[[ Study material open ]]

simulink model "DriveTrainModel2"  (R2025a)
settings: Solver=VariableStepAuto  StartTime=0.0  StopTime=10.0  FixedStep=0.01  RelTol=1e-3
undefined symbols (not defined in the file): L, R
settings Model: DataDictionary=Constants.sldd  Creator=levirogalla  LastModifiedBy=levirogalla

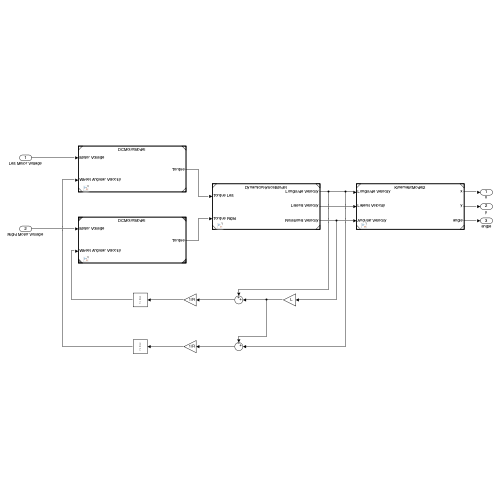
[thumbnail: Simulink's stored preview of the top-level diagram]
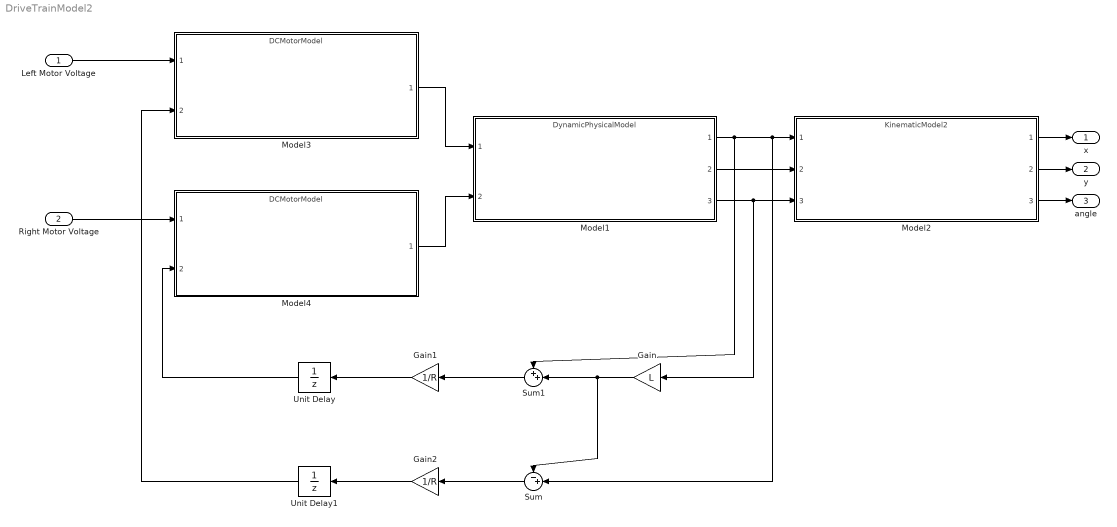
== system DriveTrainModel2 ==
  Left Motor Voltage : Inport
  Right Motor Voltage : Inport  Port=2
  Gain : Gain  Gain=L
  Gain1 : Gain  Gain=1/R
  Gain2 : Gain  Gain=1/R
  Model1 : ModelReference  ModelNameDialog=DynamicPhysicalModel.slx  SimulationMode=Normal  ModelReferenceVersion=3.1
  Model2 : ModelReference  ModelNameDialog=KinematicModel2.slx  SimulationMode=Normal  ModelReferenceVersion=3.1
  Model3 : ModelReference  ModelNameDialog=DCMotorModel.slx  SimulationMode=Normal  ModelReferenceVersion=3.1
  Model4 : ModelReference  ModelNameDialog=DCMotorModel.slx  SimulationMode=Normal  ModelReferenceVersion=3.1
  Sum : Sum  Inputs=-+|
  Sum1 : Sum  Inputs=++|
  Unit Delay : UnitDelay  SampleTime=-1  HasFrameUpgradeWarning=on
  Unit Delay1 : UnitDelay  SampleTime=-1  HasFrameUpgradeWarning=on
  x : Outport
  y : Outport  Port=2
  angle : Outport  Port=3
  wires:
  Model1/3 -> Gain/1, Model2/3
  Sum/1 -> Gain2/1
  Gain/1 -> Sum/1, Sum1/2
  Model1/1 -> Sum1/1, Sum/2, Model2/1
  Model3/1 -> Model1/1
  Sum1/1 -> Gain1/1
  Model1/2 -> Model2/2
  Model4/1 -> Model1/2
  Left Motor Voltage/1 -> Model3/1
  Right Motor Voltage/1 -> Model4/1
  Model2/1 -> x/1
  Model2/2 -> y/1
  Model2/3 -> angle/1
  Gain1/1 -> Unit Delay/1
  Gain2/1 -> Unit Delay1/1
  Unit Delay/1 -> Model4/2
  Unit Delay1/1 -> Model3/2
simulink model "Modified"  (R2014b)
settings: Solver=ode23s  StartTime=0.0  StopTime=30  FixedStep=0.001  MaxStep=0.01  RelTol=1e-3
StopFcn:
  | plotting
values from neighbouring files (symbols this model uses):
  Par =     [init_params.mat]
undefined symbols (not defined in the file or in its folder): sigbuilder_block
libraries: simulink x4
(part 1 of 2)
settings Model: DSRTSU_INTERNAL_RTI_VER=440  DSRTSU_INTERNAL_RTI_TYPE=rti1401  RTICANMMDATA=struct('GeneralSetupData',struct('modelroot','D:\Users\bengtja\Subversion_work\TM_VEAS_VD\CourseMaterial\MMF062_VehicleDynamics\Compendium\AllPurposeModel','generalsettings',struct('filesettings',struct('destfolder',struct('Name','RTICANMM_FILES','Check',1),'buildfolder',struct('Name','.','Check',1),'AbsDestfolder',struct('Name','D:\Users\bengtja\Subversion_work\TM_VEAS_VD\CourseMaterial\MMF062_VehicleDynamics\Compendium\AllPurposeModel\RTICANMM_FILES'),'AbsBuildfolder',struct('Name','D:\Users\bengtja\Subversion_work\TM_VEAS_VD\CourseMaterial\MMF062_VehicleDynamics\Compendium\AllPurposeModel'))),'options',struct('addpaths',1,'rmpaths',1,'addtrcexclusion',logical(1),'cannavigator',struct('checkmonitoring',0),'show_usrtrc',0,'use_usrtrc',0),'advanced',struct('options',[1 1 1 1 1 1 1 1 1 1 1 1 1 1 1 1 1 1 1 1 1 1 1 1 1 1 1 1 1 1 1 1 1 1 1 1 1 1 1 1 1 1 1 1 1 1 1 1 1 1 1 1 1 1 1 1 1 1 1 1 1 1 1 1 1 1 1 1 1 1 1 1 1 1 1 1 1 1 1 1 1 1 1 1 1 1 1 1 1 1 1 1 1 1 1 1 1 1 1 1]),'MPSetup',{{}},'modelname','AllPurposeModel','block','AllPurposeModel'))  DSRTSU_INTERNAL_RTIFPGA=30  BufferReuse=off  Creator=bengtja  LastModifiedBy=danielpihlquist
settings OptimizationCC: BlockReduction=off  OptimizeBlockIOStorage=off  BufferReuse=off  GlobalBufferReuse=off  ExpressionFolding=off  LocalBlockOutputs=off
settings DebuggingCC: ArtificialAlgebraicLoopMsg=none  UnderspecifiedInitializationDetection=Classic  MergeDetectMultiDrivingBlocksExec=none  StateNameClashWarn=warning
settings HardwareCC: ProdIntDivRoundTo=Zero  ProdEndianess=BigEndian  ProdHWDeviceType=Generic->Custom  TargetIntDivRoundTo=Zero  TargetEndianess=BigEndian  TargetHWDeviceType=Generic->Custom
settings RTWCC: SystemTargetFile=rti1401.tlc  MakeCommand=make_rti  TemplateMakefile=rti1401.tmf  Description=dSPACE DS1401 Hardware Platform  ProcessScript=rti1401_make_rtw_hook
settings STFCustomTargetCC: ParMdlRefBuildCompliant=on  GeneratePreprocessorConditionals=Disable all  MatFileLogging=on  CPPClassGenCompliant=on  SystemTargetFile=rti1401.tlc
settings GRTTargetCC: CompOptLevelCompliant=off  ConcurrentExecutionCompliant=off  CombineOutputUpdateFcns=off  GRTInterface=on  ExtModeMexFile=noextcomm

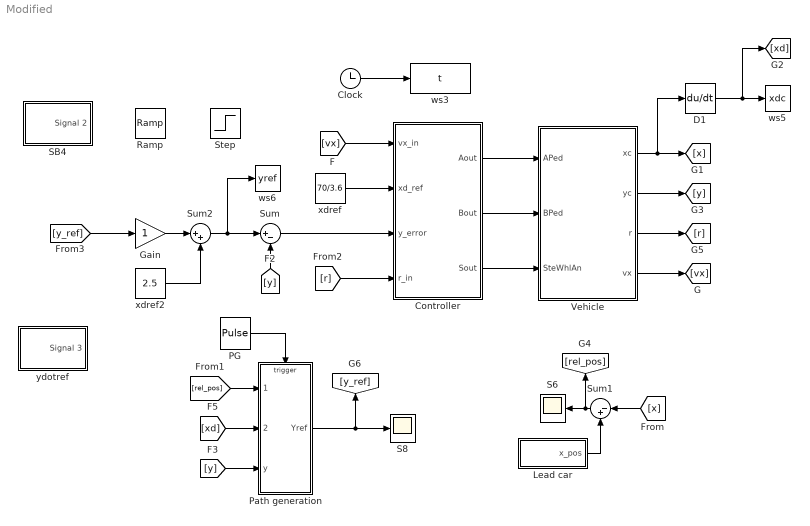
== system Modified ==
  Clock : Clock
  Controller : Subsystem
  D1 : Derivative
  Gain : Gain
  Lead car : Subsystem
  PG : DiscretePulseGenerator  PulseType=Time based  Period=1  PulseWidth=5
  Path generation : Subsystem
  Ramp : simulink/Sources/Ramp  slope=1  start=1  X0=0
  S6 : Scope
      settings: YMin=0  YMax=9  SaveName=ScopeData8
  S8 : Scope
      settings: YMin=0  YMax=9  SaveName=ScopeData10
  SB4 : Subsystem  Tag=STV Subsys  LoadFcn=sigbuilder_block('load');  StartFcn=sigbuilder_block('start');  StopFcn=sigbuilder_block('stop');  ClipboardFcn=sigbuilder_block('clipboard');  mask(Sigbuilder block){}
      mask help: Simulink:masks:SigbuilderBlock_MD
      mask init:
      | if ~strcmp(get_param(bdroot(gcbh),'SimulationStatus'),'stopped') tuvar = sigbuilder_block('maskInit'); end
      settings: CopyFcn=sigbuilder_block('copy');  DeleteFcn=sigbuilder_block('delete');  ModelCloseFcn=sigbuilder_block('modelClose');  PreSaveFcn=sigbuilder_block('preSave');  PauseFcn=sigbuilder_block('pause');  ContinueFcn=sigbuilder_block('continue');  NameChangeFcn=sigbuilder_block('namechange');  OpenFcn=sigbuilder_block('open',[437.6 199.2 550.4 400 ]);  CloseFcn=sigbuilder_block('close');
      mask Display: plot(0, 0, 100, 100,[2, 2, 32, 32, 2], [68, 8, 8, 68, 68],[32, 2], [38, 38], [32, 19, 2],[53, 60, 44], [32, 17, 17, 2],[16, 16, 31, 31]);txt = getActiveGroup(gcbh);text(2, 100, txt,'verticalAlignment', 'top');
  Step : Step  SampleTime=0
  Sum : Sum  Inputs=|+-
  Sum1 : Sum  Inputs=|-+
  Sum2 : Sum  Inputs=|++
  Vehicle : Subsystem
  ws3 : ToWorkspace  VariableName=t  SampleTime=-1
  ws5 : ToWorkspace  VariableName=xdc  SampleTime=-1
  ws6 : ToWorkspace  VariableName=yref  SampleTime=-1
  xdref : Constant  Value=70/3.6
  xdref2 : Constant  Value=2.5
  ydotref : Subsystem  Tag=STV Subsys  LoadFcn=sigbuilder_block('load');  StartFcn=sigbuilder_block('start');  StopFcn=sigbuilder_block('stop');  ClipboardFcn=sigbuilder_block('clipboard');  mask(Sigbuilder block){}
      mask help: Simulink:masks:SigbuilderBlock_MD
      mask init:
      | if ~strcmp(get_param(bdroot(gcbh),'SimulationStatus'),'stopped') tuvar = sigbuilder_block('maskInit'); end
      settings: CopyFcn=sigbuilder_block('copy');  DeleteFcn=sigbuilder_block('delete');  ModelCloseFcn=sigbuilder_block('modelClose');  PreSaveFcn=sigbuilder_block('preSave');  PauseFcn=sigbuilder_block('pause');  ContinueFcn=sigbuilder_block('continue');  NameChangeFcn=sigbuilder_block('namechange');  OpenFcn=sigbuilder_block('open',[437.6 199.2 550.4 400 ]);  CloseFcn=sigbuilder_block('close');
      mask Display: plot(0, 0, 100, 100,[2, 2, 32, 32, 2], [68, 8, 8, 68, 68],[32, 2], [38, 38], [32, 19, 2],[53, 60, 44], [32, 17, 17, 2],[16, 16, 31, 31]);txt = getActiveGroup(gcbh);text(2, 100, txt,'verticalAlignment', 'top');
  wires:
  Clock/1 -> ws3/1
  D1/1 -> ws5/1, [xd]
  Path generation/1(Yref) -> S8/1, [y_ref]
  Sum1/1 -> S6/1, [rel_pos]
  PG/1 -> Path generation/Trigger
  Gain/1 -> Sum2/1
  Sum2/1 -> ws6/1, Sum/1
  xdref2/1 -> Sum2/2
  Lead car/1(x_pos) -> Sum1/2
  xdref/1 -> Controller/2(xd_ref)
  Sum/1 -> Controller/3(y_error)
  [vx] -> Controller/1(vx_in)
  [y] -> Sum/2
  [y] -> Path generation/3(y)
  [xd] -> Path generation/2(xDot)
  [rel_pos] -> Path generation/1(RelPos)
  [r] -> Controller/4(r_in)
  [x] -> Sum1/1
  Vehicle/1(xc) -> D1/1, [x]
  Controller/1(Aout) -> Vehicle/1(APed)
  Controller/2(Bout) -> Vehicle/2(BPed)
  Controller/3(Sout) -> Vehicle/3(SteWhlAn)
  Vehicle/2(yc) -> [y]
  Vehicle/3(r) -> [r]
  Vehicle/4(vx) -> [vx]
  [y_ref] -> Gain/1

== system Modified/Controller ==
  vx_in : Inport
  xd_ref : Inport  Port=2
  y_error : Inport  Port=3
  r_in : Inport  Port=4
  Cartesian controller : Subsystem
  PID2 : simulink/Continuous/PID Controller  Controller=PID  TimeDomain=Continuous-time  SampleTime=-1  IntegratorMethod=Forward Euler  FilterMethod=Forward Euler  Form=Parallel  P=2  I=1  D=0.1  N=0  InitialConditionSource=internal  InitialConditionForIntegrator=0  InitialConditionForFilter=0  ExternalReset=none  LimitOutput=off  UpperSaturationLimit=inf  LowerSaturationLimit=-inf  LinearizeAsGain=on  AntiWindupMode=none  Kb=1  TrackingMode=off  Kt=1  PParamMin=[]  PParamMax=[]  IParamMin=[]  IParamMax=[]  DParamMin=[]  DParamMax=[]  NParamMin=[]  NParamMax=[]  KbParamMin=[]  KbParamMax=[]  KtParamMin=[]  KtParamMax=[]  POutMin=[]  POutMax=[]  IOutMin=[]  IOutMax=[]  DOutMin=[]  DOutMax=[]  NOutMin=[]  NOutMax=[]  KbOutMin=[]  KbOutMax=[]  KtOutMin=[]  KtOutMax=[]  IntegratorOutMin=[]  IntegratorOutMax=[]  FilterOutMin=[]  FilterOutMax=[]  SumOutMin=[]  SumOutMax=[]  SumI1OutMin=[]  SumI1OutMax=[]  SumI2OutMin=[]  SumI2OutMax=[]  SumI3OutMin=[]  SumI3OutMax=[]  SumDOutMin=[]  SumDOutMax=[]  SaturationOutMin=[]  SaturationOutMax=[]  IntegratorContinuousStateAttributes=''  IntegratorStateMustResolveToSignalObject=off  IntegratorRTWStateStorageClass=Auto  FilterContinuousStateAttributes=''  FilterStateMustResolveToSignalObject=off  FilterRTWStateStorageClass=Auto  DifferentiatorICPrevScaledInput=0  DifferentiatorOutMin=[]  DifferentiatorOutMax=[]  UseFilter=on
  Velocity and angle controller : Subsystem
  Aout : Outport
  Bout : Outport  Port=2
  Sout : Outport  Port=3
  wires:
  xd_ref/1 -> Cartesian controller/2(xcd_ref)
  Cartesian controller/2(r_ref) -> Velocity and angle controller/3(r_ref)
  Cartesian controller/1(vx_ref) -> Velocity and angle controller/2(vx_ref)
  r_in/1 -> Velocity and angle controller/4(r_in), Cartesian controller/3(r_in)
  Velocity and angle controller/1(Aout) -> Aout/1
  Velocity and angle controller/2(Bout) -> Bout/1
  Velocity and angle controller/3(Sout) -> Sout/1
  vx_in/1 -> Velocity and angle controller/1(vx_in), Cartesian controller/1(vx_in)
  PID2/1 -> Cartesian controller/4(ycd_ref)
  y_error/1 -> PID2/1

== system Modified/Lead car ==
  Integrator : Integrator  InitialCondition=50
  ws8 : ToWorkspace  VariableName=fcar  SampleTime=-1
  xdref1 : Constant  Value=60/3.6
  x_pos : Outport
  wires:
  xdref1/1 -> Integrator/1
  Integrator/1 -> x_pos/1, ws8/1

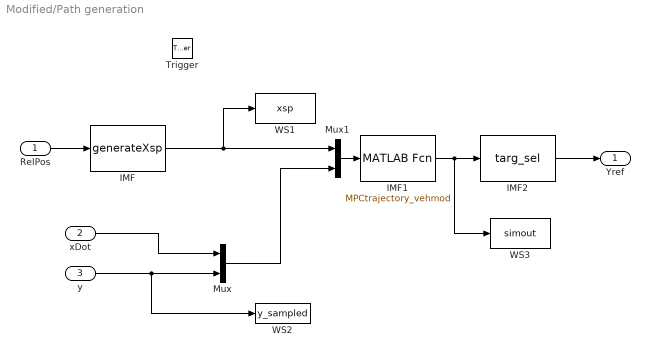
== system Modified/Path generation ==
  RelPos : Inport
  xDot : Inport  Port=2
  y : Inport  Port=3
  Trigger : TriggerPort  PortDimensions=1
  IMF : MATLABFcn  MATLABFcn=generateXsp
  IMF1 : MATLABFcn  MATLABFcn=MPCtrajectory_vehmod
  IMF2 : MATLABFcn  MATLABFcn=targ_sel
  Mux : Mux  Inputs=2
  Mux1 : Mux  Inputs=2
  WS1 : ToWorkspace  VariableName=xsp  SampleTime=-1
  WS2 : ToWorkspace  VariableName=y_sampled  SampleTime=-1
  WS3 : ToWorkspace  VariableName=simout  SampleTime=-1
  Yref : Outport
  wires:
  Mux1/1 -> IMF1/1
  Mux/1 -> Mux1/2
  IMF/1 -> WS1/1, Mux1/1
  RelPos/1 -> IMF/1
  xDot/1 -> Mux/1
  IMF2/1 -> Yref/1
  IMF1/1 -> IMF2/1, WS3/1
  y/1 -> WS2/1, Mux/2

== system Modified/SB4 ==
  Demux : Demux  Tag=STV Demux  Outputs=1
  FromWs : FromWorkspace  Tag=STV FromWs  VariableName=tuvar  SampleTime=0
      SigBuilderData=|
      | common.afterFinalStr = 'Extrapolate'
      | common.sampleTime = 0
      | dataSet.timeRange = [0 10]
      | dataSet.name = 'Group 1'
      | sbobj.Groups.Name = 'Group 1'
      | sbobj.Groups.Signals.Name = 'Signal 2'
      | sbobj.Groups.Signals.XData = [0 0.5 0.5 1 1 1.5 1.5 2 2 2.5 2.5 3 3 3.5 3.5 4 4 4.5 4.5 5 5 5.5 5.5 6 6 6.5 6.5 7 7 7.5 7.5 8 8 8.5 8.5 9 9.5 10]
      | sbobj.Groups.Signals.YData = [0 0 0.275 0.275 0.58 0.58 1 1 1.005 1.005 0.995 0.995 0.745 0.745 0.505 0.505 0.18 0.18 -0.305 -0.305 -0.425 -0.425 -0.56 -0.56 -0.52 -0.52 -0.46 -0.46 -0.43 -0.43 -0.28 -0.28 -0.21 -0.21 0 0 0 0]
  Signal 2 : Outport  Tag=STV Outport
  wires:
  Demux/1 -> Signal 2/1
  FromWs/1 -> Demux/1

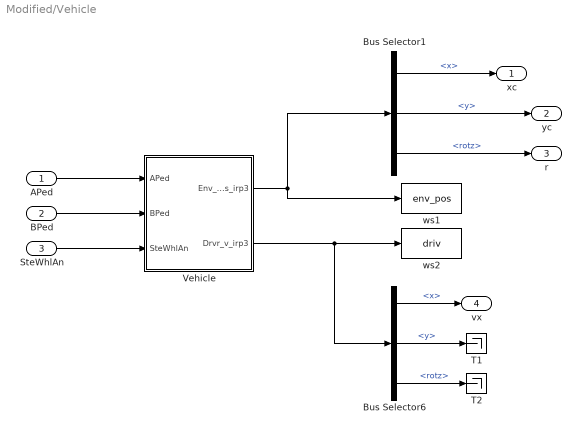
== system Modified/Vehicle ==
  APed : Inport
  BPed : Inport  Port=2
  SteWhlAn : Inport  Port=3
  Bus Selector1 : BusSelector  OutputSignals=x,y,rotz
  Bus Selector6 : BusSelector  OutputSignals=x,y,rotz
  T1 : Terminator
  T2 : Terminator
  Vehicle : Subsystem
  ws1 : ToWorkspace  VariableName=env_pos  SaveFormat=Timeseries  SampleTime=-1
  ws2 : ToWorkspace  VariableName=driv  SaveFormat=Timeseries  SampleTime=-1
  xc : Outport
  yc : Outport  Port=2
  r : Outport  Port=3
  vx : Outport  Port=4
  wires:
  Bus Selector1/1 -> xc/1  "<x>"
  Vehicle/1(Env_pos_irp3) -> Bus Selector1/1, ws1/1
  Vehicle/2(Drvr_v_irp3) -> ws2/1, Bus Selector6/1
  Bus Selector1/2 -> yc/1  "<y>"
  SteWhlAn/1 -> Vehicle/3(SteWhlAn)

[[ Study material closed ]]

[Brief] Show each line from the material above where the string "StopFcn" can be found.

[Problem solution]
StopFcn:
  SB4 : Subsystem  Tag=STV Subsys  LoadFcn=sigbuilder_block('load');  StartFcn=sigbuilder_block('start');  StopFcn=sigbuilder_block('stop');  ClipboardFcn=sigbuilder_block('clipboard');  mask(Sigbuilder block){}
  ydotref : Subsystem  Tag=STV Subsys  LoadFcn=sigbuilder_block('load');  StartFcn=sigbuilder_block('start');  StopFcn=sigbuilder_block('stop');  ClipboardFcn=sigbuilder_block('clipboard');  mask(Sigbuilder block){}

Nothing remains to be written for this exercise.